What is a Self Assessment Tax Return?
A Self Assessment Tax Return is an annual form issued by HMRC to request details of income and expenditure from relevant individuals. The purpose of the Self Assessment is that it puts the onus on the individual to “self declare” their taxable income and circumstances.
Yearly Self Assessment Tax Return would be required by a number of people, typically those in self-employed, pay Tax at a higher rate, have untaxed sources of income, or even have foreign income.
Self Assessment Tax Returns are usually used by HMRC to collect Tax from sources of income that normally cannot be achieved through common methods such as PAYE.
Who Needs to Complete a Self Assessment Tax Return?

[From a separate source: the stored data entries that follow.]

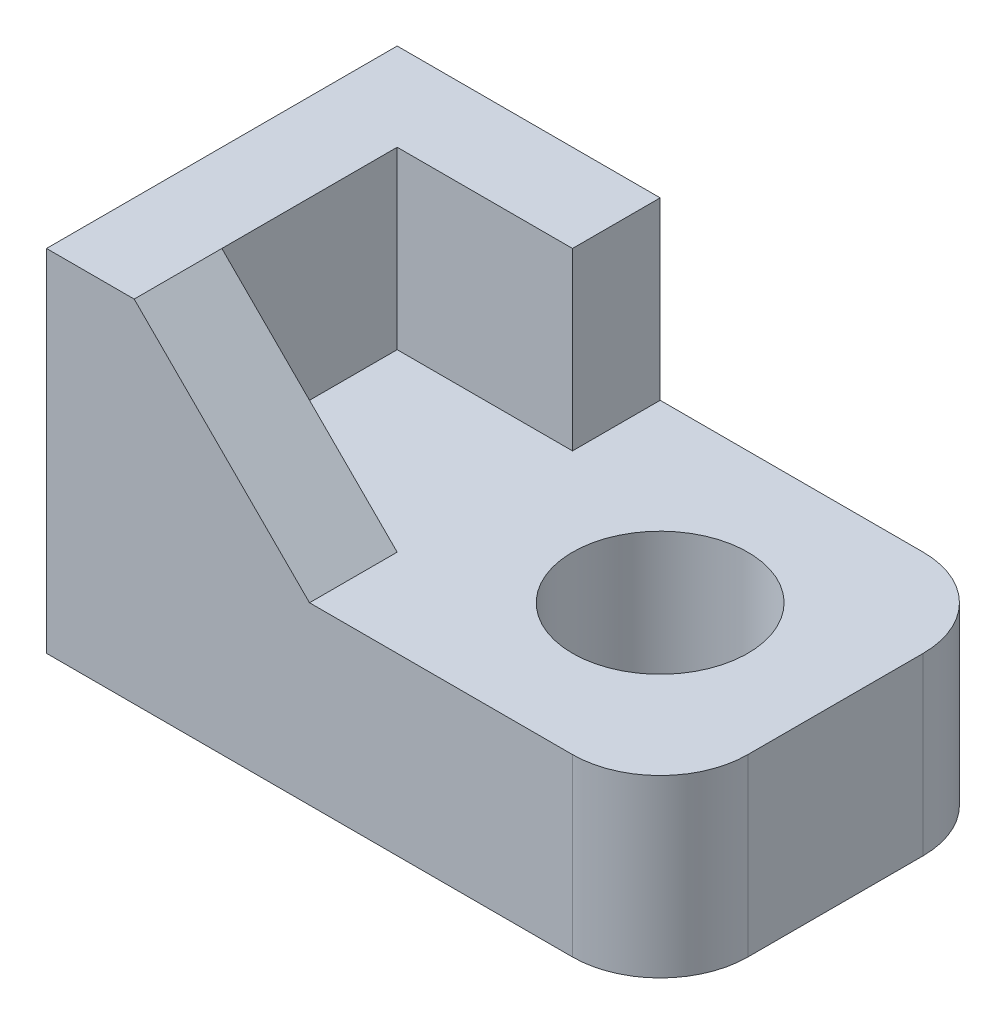
ISO-10303-21;
HEADER;
FILE_DESCRIPTION(('STEP AP214'),'2;1');
FILE_NAME('part.step','',(''),(''),'','','');
FILE_SCHEMA(('AUTOMOTIVE_DESIGN { 1 0 10303 214 1 1 1 1 }'));
ENDSEC;
DATA;
#1=APPLICATION_CONTEXT('core data for automotive mechanical design processes');
#2=APPLICATION_PROTOCOL_DEFINITION('international standard','automotive_design',2000,#1);
#3=PRODUCT_CONTEXT('',#1,'mechanical');
#4=PRODUCT('Part','Part','',(#3));
#5=PRODUCT_RELATED_PRODUCT_CATEGORY('part','',(#4));
#6=PRODUCT_DEFINITION_FORMATION('','',#4);
#7=PRODUCT_DEFINITION_CONTEXT('part definition',#1,'design');
#8=PRODUCT_DEFINITION('design','',#6,#7);
#9=PRODUCT_DEFINITION_SHAPE('','',#8);
#10=(LENGTH_UNIT() NAMED_UNIT(*) SI_UNIT(.MILLI.,.METRE.));
#11=(NAMED_UNIT(*) PLANE_ANGLE_UNIT() SI_UNIT($,.RADIAN.));
#12=(NAMED_UNIT(*) SI_UNIT($,.STERADIAN.) SOLID_ANGLE_UNIT());
#13=UNCERTAINTY_MEASURE_WITH_UNIT(LENGTH_MEASURE(1.E-05),#10,'distance_accuracy_value','');
#14=(GEOMETRIC_REPRESENTATION_CONTEXT(3) GLOBAL_UNCERTAINTY_ASSIGNED_CONTEXT((#13)) GLOBAL_UNIT_ASSIGNED_CONTEXT((#10,
#11,#12)) REPRESENTATION_CONTEXT('',''));
#15=CARTESIAN_POINT('',(0.,0.,0.));
#16=DIRECTION('',(0.,0.,1.));
#17=DIRECTION('',(1.,0.,0.));
#18=AXIS2_PLACEMENT_3D('',#15,#16,#17);
#19=CARTESIAN_POINT('',(0.,10.,0.));
#20=DIRECTION('',(0.,-1.,0.));
#21=DIRECTION('',(0.,0.,-1.));
#22=AXIS2_PLACEMENT_3D('',#19,#20,#21);
#23=PLANE('',#22);
#24=CARTESIAN_POINT('',(0.,10.,0.));
#25=DIRECTION('',(0.,1.,0.));
#26=DIRECTION('',(0.,0.,1.));
#27=AXIS2_PLACEMENT_3D('',#24,#25,#26);
#28=CIRCLE('',#27,5.);
#29=CARTESIAN_POINT('',(0.,10.,5.));
#30=VERTEX_POINT('',#29);
#31=EDGE_CURVE('E165',#30,#30,#28,.T.);
#32=ORIENTED_EDGE('',*,*,#31,.F.);
#33=EDGE_LOOP('',(#32));
#34=FACE_BOUND('',#33,.T.);
#35=DIRECTION('',(0.,0.,-1.));
#36=VECTOR('',#35,1.);
#37=CARTESIAN_POINT('',(10.,10.,-10.));
#38=LINE('',#37,#36);
#39=CARTESIAN_POINT('',(10.,10.,5.));
#40=VERTEX_POINT('',#39);
#41=CARTESIAN_POINT('',(10.,10.,-5.));
#42=VERTEX_POINT('',#41);
#43=EDGE_CURVE('E171',#40,#42,#38,.T.);
#44=ORIENTED_EDGE('',*,*,#43,.T.);
#45=CARTESIAN_POINT('',(5.,10.,-5.));
#46=DIRECTION('',(0.,-1.,0.));
#47=DIRECTION('',(0.,0.,-1.));
#48=AXIS2_PLACEMENT_3D('',#45,#46,#47);
#49=CIRCLE('',#48,5.);
#50=CARTESIAN_POINT('',(5.,10.,-10.));
#51=VERTEX_POINT('',#50);
#52=EDGE_CURVE('E43',#42,#51,#49,.F.);
#53=ORIENTED_EDGE('',*,*,#52,.T.);
#54=DIRECTION('',(-1.,0.,0.));
#55=VECTOR('',#54,1.);
#56=CARTESIAN_POINT('',(10.,10.,-10.));
#57=LINE('',#56,#55);
#58=CARTESIAN_POINT('',(-10.,10.,-10.));
#59=VERTEX_POINT('',#58);
#60=EDGE_CURVE('E173',#51,#59,#57,.T.);
#61=ORIENTED_EDGE('',*,*,#60,.T.);
#62=DIRECTION('',(0.,0.,1.));
#63=VECTOR('',#62,1.);
#64=CARTESIAN_POINT('',(-10.,10.,0.));
#65=LINE('',#64,#63);
#66=CARTESIAN_POINT('',(-10.,10.,-5.));
#67=VERTEX_POINT('',#66);
#68=EDGE_CURVE('E147',#59,#67,#65,.T.);
#69=ORIENTED_EDGE('',*,*,#68,.T.);
#70=DIRECTION('',(-1.,0.,0.));
#71=VECTOR('',#70,1.);
#72=CARTESIAN_POINT('',(0.,10.,-5.));
#73=LINE('',#72,#71);
#74=CARTESIAN_POINT('',(-20.,10.,-5.));
#75=VERTEX_POINT('',#74);
#76=EDGE_CURVE('E144',#67,#75,#73,.T.);
#77=ORIENTED_EDGE('',*,*,#76,.T.);
#78=DIRECTION('',(0.,0.,-1.));
#79=VECTOR('',#78,1.);
#80=CARTESIAN_POINT('',(-20.,10.,0.));
#81=LINE('',#80,#79);
#82=CARTESIAN_POINT('',(-20.,10.,5.));
#83=VERTEX_POINT('',#82);
#84=EDGE_CURVE('E138',#83,#75,#81,.T.);
#85=ORIENTED_EDGE('',*,*,#84,.F.);
#86=DIRECTION('',(-1.,0.,0.));
#87=VECTOR('',#86,1.);
#88=CARTESIAN_POINT('',(0.,10.,5.));
#89=LINE('',#88,#87);
#90=CARTESIAN_POINT('',(-10.,10.,5.));
#91=VERTEX_POINT('',#90);
#92=EDGE_CURVE('E123',#91,#83,#89,.T.);
#93=ORIENTED_EDGE('',*,*,#92,.F.);
#94=DIRECTION('',(0.,0.,1.));
#95=VECTOR('',#94,1.);
#96=CARTESIAN_POINT('',(-10.,10.,5.));
#97=LINE('',#96,#95);
#98=CARTESIAN_POINT('',(-10.,10.,10.));
#99=VERTEX_POINT('',#98);
#100=EDGE_CURVE('E133',#91,#99,#97,.T.);
#101=ORIENTED_EDGE('',*,*,#100,.T.);
#102=DIRECTION('',(1.,0.,0.));
#103=VECTOR('',#102,1.);
#104=CARTESIAN_POINT('',(10.,10.,10.));
#105=LINE('',#104,#103);
#106=CARTESIAN_POINT('',(5.,10.,10.));
#107=VERTEX_POINT('',#106);
#108=EDGE_CURVE('E176',#99,#107,#105,.T.);
#109=ORIENTED_EDGE('',*,*,#108,.T.);
#110=CARTESIAN_POINT('',(5.,10.,5.));
#111=DIRECTION('',(0.,-1.,0.));
#112=DIRECTION('',(0.,0.,-1.));
#113=AXIS2_PLACEMENT_3D('',#110,#111,#112);
#114=CIRCLE('',#113,5.);
#115=EDGE_CURVE('E201',#107,#40,#114,.F.);
#116=ORIENTED_EDGE('',*,*,#115,.T.);
#117=EDGE_LOOP('',(#44,#53,#61,#69,#77,#85,#93,#101,#109,#116));
#118=FACE_BOUND('',#117,.T.);
#119=ADVANCED_FACE('F35',(#34,#118),#23,.F.);
#120=CARTESIAN_POINT('',(-20.,20.,0.));
#121=DIRECTION('',(-1.,0.,0.));
#122=DIRECTION('',(0.,0.,1.));
#123=AXIS2_PLACEMENT_3D('',#120,#121,#122);
#124=PLANE('',#123);
#125=DIRECTION('',(0.,1.,0.));
#126=VECTOR('',#125,1.);
#127=CARTESIAN_POINT('',(-20.,0.,5.));
#128=LINE('',#127,#126);
#129=CARTESIAN_POINT('',(-20.,20.,5.));
#130=VERTEX_POINT('',#129);
#131=EDGE_CURVE('E126',#83,#130,#128,.T.);
#132=ORIENTED_EDGE('',*,*,#131,.F.);
#133=ORIENTED_EDGE('',*,*,#84,.T.);
#134=DIRECTION('',(0.,-1.,0.));
#135=VECTOR('',#134,1.);
#136=CARTESIAN_POINT('',(-20.,20.,-5.));
#137=LINE('',#136,#135);
#138=CARTESIAN_POINT('',(-20.,20.,-5.));
#139=VERTEX_POINT('',#138);
#140=EDGE_CURVE('E162',#139,#75,#137,.T.);
#141=ORIENTED_EDGE('',*,*,#140,.F.);
#142=DIRECTION('',(0.,0.,-1.));
#143=VECTOR('',#142,1.);
#144=CARTESIAN_POINT('',(-20.,20.,0.));
#145=LINE('',#144,#143);
#146=EDGE_CURVE('E140',#130,#139,#145,.T.);
#147=ORIENTED_EDGE('',*,*,#146,.F.);
#148=EDGE_LOOP('',(#132,#133,#141,#147));
#149=FACE_BOUND('',#148,.T.);
#150=ADVANCED_FACE('F136',(#149),#124,.F.);
#151=CARTESIAN_POINT('',(0.,0.,0.));
#152=DIRECTION('',(0.,-1.,0.));
#153=DIRECTION('',(0.,0.,-1.));
#154=AXIS2_PLACEMENT_3D('',#151,#152,#153);
#155=PLANE('',#154);
#156=DIRECTION('',(-1.,0.,0.));
#157=VECTOR('',#156,1.);
#158=CARTESIAN_POINT('',(10.,0.,-10.));
#159=LINE('',#158,#157);
#160=CARTESIAN_POINT('',(5.,0.,-10.));
#161=VERTEX_POINT('',#160);
#162=CARTESIAN_POINT('',(-25.,0.,-9.99999999999999));
#163=VERTEX_POINT('',#162);
#164=EDGE_CURVE('E180',#161,#163,#159,.T.);
#165=ORIENTED_EDGE('',*,*,#164,.F.);
#166=CARTESIAN_POINT('',(5.,0.,-5.));
#167=DIRECTION('',(0.,-1.,0.));
#168=DIRECTION('',(0.,0.,-1.));
#169=AXIS2_PLACEMENT_3D('',#166,#167,#168);
#170=CIRCLE('',#169,5.);
#171=CARTESIAN_POINT('',(10.,0.,-5.));
#172=VERTEX_POINT('',#171);
#173=EDGE_CURVE('E195',#161,#172,#170,.T.);
#174=ORIENTED_EDGE('',*,*,#173,.T.);
#175=DIRECTION('',(0.,0.,-1.));
#176=VECTOR('',#175,1.);
#177=CARTESIAN_POINT('',(10.,0.,-10.));
#178=LINE('',#177,#176);
#179=CARTESIAN_POINT('',(10.,0.,5.));
#180=VERTEX_POINT('',#179);
#181=EDGE_CURVE('E168',#180,#172,#178,.T.);
#182=ORIENTED_EDGE('',*,*,#181,.F.);
#183=CARTESIAN_POINT('',(5.,0.,5.));
#184=DIRECTION('',(0.,-1.,0.));
#185=DIRECTION('',(0.,0.,-1.));
#186=AXIS2_PLACEMENT_3D('',#183,#184,#185);
#187=CIRCLE('',#186,5.);
#188=CARTESIAN_POINT('',(5.,0.,10.));
#189=VERTEX_POINT('',#188);
#190=EDGE_CURVE('E193',#180,#189,#187,.T.);
#191=ORIENTED_EDGE('',*,*,#190,.T.);
#192=DIRECTION('',(1.,0.,0.));
#193=VECTOR('',#192,1.);
#194=CARTESIAN_POINT('',(10.,0.,10.));
#195=LINE('',#194,#193);
#196=CARTESIAN_POINT('',(-25.,0.,9.99999999999999));
#197=VERTEX_POINT('',#196);
#198=EDGE_CURVE('E174',#197,#189,#195,.T.);
#199=ORIENTED_EDGE('',*,*,#198,.F.);
#200=DIRECTION('',(0.,0.,1.));
#201=VECTOR('',#200,1.);
#202=CARTESIAN_POINT('',(-25.,0.,-9.99999999999999));
#203=LINE('',#202,#201);
#204=EDGE_CURVE('E182',#163,#197,#203,.T.);
#205=ORIENTED_EDGE('',*,*,#204,.F.);
#206=EDGE_LOOP('',(#165,#174,#182,#191,#199,#205));
#207=FACE_BOUND('',#206,.T.);
#208=CARTESIAN_POINT('',(0.,0.,0.));
#209=DIRECTION('',(0.,1.,0.));
#210=DIRECTION('',(0.,0.,1.));
#211=AXIS2_PLACEMENT_3D('',#208,#209,#210);
#212=CIRCLE('',#211,5.);
#213=CARTESIAN_POINT('',(0.,0.,5.));
#214=VERTEX_POINT('',#213);
#215=EDGE_CURVE('E164',#214,#214,#212,.T.);
#216=ORIENTED_EDGE('',*,*,#215,.T.);
#217=EDGE_LOOP('',(#216));
#218=FACE_BOUND('',#217,.T.);
#219=ADVANCED_FACE('F214',(#207,#218),#155,.T.);
#220=CARTESIAN_POINT('',(10.,10.,-10.));
#221=DIRECTION('',(-1.,0.,0.));
#222=DIRECTION('',(0.,0.,1.));
#223=AXIS2_PLACEMENT_3D('',#220,#221,#222);
#224=PLANE('',#223);
#225=ORIENTED_EDGE('',*,*,#181,.T.);
#226=DIRECTION('',(0.,-1.,0.));
#227=VECTOR('',#226,1.);
#228=CARTESIAN_POINT('',(10.,10.,-5.));
#229=LINE('',#228,#227);
#230=EDGE_CURVE('E56',#172,#42,#229,.F.);
#231=ORIENTED_EDGE('',*,*,#230,.T.);
#232=ORIENTED_EDGE('',*,*,#43,.F.);
#233=DIRECTION('',(0.,-1.,0.));
#234=VECTOR('',#233,1.);
#235=CARTESIAN_POINT('',(10.,10.,5.));
#236=LINE('',#235,#234);
#237=EDGE_CURVE('E197',#40,#180,#236,.T.);
#238=ORIENTED_EDGE('',*,*,#237,.T.);
#239=EDGE_LOOP('',(#225,#231,#232,#238));
#240=FACE_BOUND('',#239,.T.);
#241=ADVANCED_FACE('F217',(#240),#224,.F.);
#242=CARTESIAN_POINT('',(10.,10.,-10.));
#243=DIRECTION('',(0.,0.,1.));
#244=DIRECTION('',(1.,0.,0.));
#245=AXIS2_PLACEMENT_3D('',#242,#243,#244);
#246=PLANE('',#245);
#247=ORIENTED_EDGE('',*,*,#60,.F.);
#248=DIRECTION('',(0.,-1.,0.));
#249=VECTOR('',#248,1.);
#250=CARTESIAN_POINT('',(5.,10.,-10.));
#251=LINE('',#250,#249);
#252=EDGE_CURVE('E190',#51,#161,#251,.T.);
#253=ORIENTED_EDGE('',*,*,#252,.T.);
#254=ORIENTED_EDGE('',*,*,#164,.T.);
#255=DIRECTION('',(0.,-1.,0.));
#256=VECTOR('',#255,1.);
#257=CARTESIAN_POINT('',(-25.,10.,-9.99999999999999));
#258=LINE('',#257,#256);
#259=CARTESIAN_POINT('',(-25.,20.,-9.99999999999999));
#260=VERTEX_POINT('',#259);
#261=EDGE_CURVE('E187',#260,#163,#258,.T.);
#262=ORIENTED_EDGE('',*,*,#261,.F.);
#263=DIRECTION('',(-1.,0.,0.));
#264=VECTOR('',#263,1.);
#265=CARTESIAN_POINT('',(0.,20.,-10.));
#266=LINE('',#265,#264);
#267=CARTESIAN_POINT('',(-10.,20.,-10.));
#268=VERTEX_POINT('',#267);
#269=EDGE_CURVE('E151',#268,#260,#266,.T.);
#270=ORIENTED_EDGE('',*,*,#269,.F.);
#271=DIRECTION('',(0.,-1.,0.));
#272=VECTOR('',#271,1.);
#273=CARTESIAN_POINT('',(-10.,20.,-10.));
#274=LINE('',#273,#272);
#275=EDGE_CURVE('E156',#268,#59,#274,.T.);
#276=ORIENTED_EDGE('',*,*,#275,.T.);
#277=EDGE_LOOP('',(#247,#253,#254,#262,#270,#276));
#278=FACE_BOUND('',#277,.T.);
#279=ADVANCED_FACE('F207',(#278),#246,.F.);
#280=CARTESIAN_POINT('',(-25.,10.,-9.99999999999999));
#281=DIRECTION('',(1.,0.,0.));
#282=DIRECTION('',(0.,0.,-1.));
#283=AXIS2_PLACEMENT_3D('',#280,#281,#282);
#284=PLANE('',#283);
#285=ORIENTED_EDGE('',*,*,#204,.T.);
#286=DIRECTION('',(0.,-1.,0.));
#287=VECTOR('',#286,1.);
#288=CARTESIAN_POINT('',(-25.,10.,9.99999999999999));
#289=LINE('',#288,#287);
#290=CARTESIAN_POINT('',(-25.,20.,9.99999999999999));
#291=VERTEX_POINT('',#290);
#292=EDGE_CURVE('E178',#291,#197,#289,.T.);
#293=ORIENTED_EDGE('',*,*,#292,.F.);
#294=DIRECTION('',(0.,0.,1.));
#295=VECTOR('',#294,1.);
#296=CARTESIAN_POINT('',(-25.,20.,0.));
#297=LINE('',#296,#295);
#298=EDGE_CURVE('E155',#260,#291,#297,.T.);
#299=ORIENTED_EDGE('',*,*,#298,.F.);
#300=ORIENTED_EDGE('',*,*,#261,.T.);
#301=EDGE_LOOP('',(#285,#293,#299,#300));
#302=FACE_BOUND('',#301,.T.);
#303=ADVANCED_FACE('F230',(#302),#284,.F.);
#304=CARTESIAN_POINT('',(10.,10.,10.));
#305=DIRECTION('',(0.,0.,-1.));
#306=DIRECTION('',(-1.,0.,0.));
#307=AXIS2_PLACEMENT_3D('',#304,#305,#306);
#308=PLANE('',#307);
#309=ORIENTED_EDGE('',*,*,#198,.T.);
#310=DIRECTION('',(0.,-1.,0.));
#311=VECTOR('',#310,1.);
#312=CARTESIAN_POINT('',(5.,10.,10.));
#313=LINE('',#312,#311);
#314=EDGE_CURVE('E11',#189,#107,#313,.F.);
#315=ORIENTED_EDGE('',*,*,#314,.T.);
#316=ORIENTED_EDGE('',*,*,#108,.F.);
#317=DIRECTION('',(0.707106781186547,-0.707106781186548,0.));
#318=VECTOR('',#317,1.);
#319=CARTESIAN_POINT('',(0.,0.,10.));
#320=LINE('',#319,#318);
#321=CARTESIAN_POINT('',(-20.,20.,10.));
#322=VERTEX_POINT('',#321);
#323=EDGE_CURVE('E247',#322,#99,#320,.T.);
#324=ORIENTED_EDGE('',*,*,#323,.F.);
#325=DIRECTION('',(1.,0.,0.));
#326=VECTOR('',#325,1.);
#327=CARTESIAN_POINT('',(0.,20.,10.));
#328=LINE('',#327,#326);
#329=EDGE_CURVE('E226',#291,#322,#328,.T.);
#330=ORIENTED_EDGE('',*,*,#329,.F.);
#331=ORIENTED_EDGE('',*,*,#292,.T.);
#332=EDGE_LOOP('',(#309,#315,#316,#324,#330,#331));
#333=FACE_BOUND('',#332,.T.);
#334=ADVANCED_FACE('F222',(#333),#308,.F.);
#335=CARTESIAN_POINT('',(0.,10.,0.));
#336=DIRECTION('',(0.,-1.,0.));
#337=DIRECTION('',(0.,0.,-1.));
#338=AXIS2_PLACEMENT_3D('',#335,#336,#337);
#339=CYLINDRICAL_SURFACE('',#338,5.);
#340=ORIENTED_EDGE('',*,*,#31,.T.);
#341=EDGE_LOOP('',(#340));
#342=FACE_BOUND('',#341,.T.);
#343=ORIENTED_EDGE('',*,*,#215,.F.);
#344=EDGE_LOOP('',(#343));
#345=FACE_BOUND('',#344,.T.);
#346=ADVANCED_FACE('F261',(#342,#345),#339,.F.);
#347=CARTESIAN_POINT('',(0.,20.,-5.));
#348=DIRECTION('',(0.,0.,1.));
#349=DIRECTION('',(1.,0.,0.));
#350=AXIS2_PLACEMENT_3D('',#347,#348,#349);
#351=PLANE('',#350);
#352=ORIENTED_EDGE('',*,*,#76,.F.);
#353=DIRECTION('',(0.,-1.,0.));
#354=VECTOR('',#353,1.);
#355=CARTESIAN_POINT('',(-10.,20.,-5.));
#356=LINE('',#355,#354);
#357=CARTESIAN_POINT('',(-10.,20.,-5.));
#358=VERTEX_POINT('',#357);
#359=EDGE_CURVE('E159',#358,#67,#356,.T.);
#360=ORIENTED_EDGE('',*,*,#359,.F.);
#361=DIRECTION('',(-1.,0.,0.));
#362=VECTOR('',#361,1.);
#363=CARTESIAN_POINT('',(0.,20.,-5.));
#364=LINE('',#363,#362);
#365=EDGE_CURVE('E238',#358,#139,#364,.T.);
#366=ORIENTED_EDGE('',*,*,#365,.T.);
#367=ORIENTED_EDGE('',*,*,#140,.T.);
#368=EDGE_LOOP('',(#352,#360,#366,#367));
#369=FACE_BOUND('',#368,.T.);
#370=ADVANCED_FACE('F252',(#369),#351,.T.);
#371=CARTESIAN_POINT('',(-10.,20.,0.));
#372=DIRECTION('',(1.,0.,0.));
#373=DIRECTION('',(0.,0.,-1.));
#374=AXIS2_PLACEMENT_3D('',#371,#372,#373);
#375=PLANE('',#374);
#376=ORIENTED_EDGE('',*,*,#68,.F.);
#377=ORIENTED_EDGE('',*,*,#275,.F.);
#378=DIRECTION('',(0.,0.,1.));
#379=VECTOR('',#378,1.);
#380=CARTESIAN_POINT('',(-10.,20.,0.));
#381=LINE('',#380,#379);
#382=EDGE_CURVE('E237',#268,#358,#381,.T.);
#383=ORIENTED_EDGE('',*,*,#382,.T.);
#384=ORIENTED_EDGE('',*,*,#359,.T.);
#385=EDGE_LOOP('',(#376,#377,#383,#384));
#386=FACE_BOUND('',#385,.T.);
#387=ADVANCED_FACE('F253',(#386),#375,.T.);
#388=CARTESIAN_POINT('',(0.,20.,0.));
#389=DIRECTION('',(0.,1.,0.));
#390=DIRECTION('',(0.,0.,1.));
#391=AXIS2_PLACEMENT_3D('',#388,#389,#390);
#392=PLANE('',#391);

There are many types of situations where HMRC require an individual to prepare and submit a Tax return. They are usually required for those in self-employment or where the source of income is irregular or uncommon, some examples are as follows:
- Self-employed workers
- Members of a partnership
- Directors of limited companies
- People who live abroad but have UK income
- People who live in the UK but have foreign income
- Higher rate Tax payers earning over £100,000 each year
- Trustees of trusts
- Individuals that have untaxed income
- Where annual investment income exceeds £10,000
- Individuals that may be liable to Capital Gains Tax (for example, the purchase and disposal of stocks, shares, or even property)
- High dividend income
- Random HMRC enquiries
This is not an exhaustive list, but it does cover the majority of cases when Self-Assessment Tax Returns are legally required. Most people living and working in the UK, their Income Tax will be paid through PAYE and will not be required to complete a Tax return.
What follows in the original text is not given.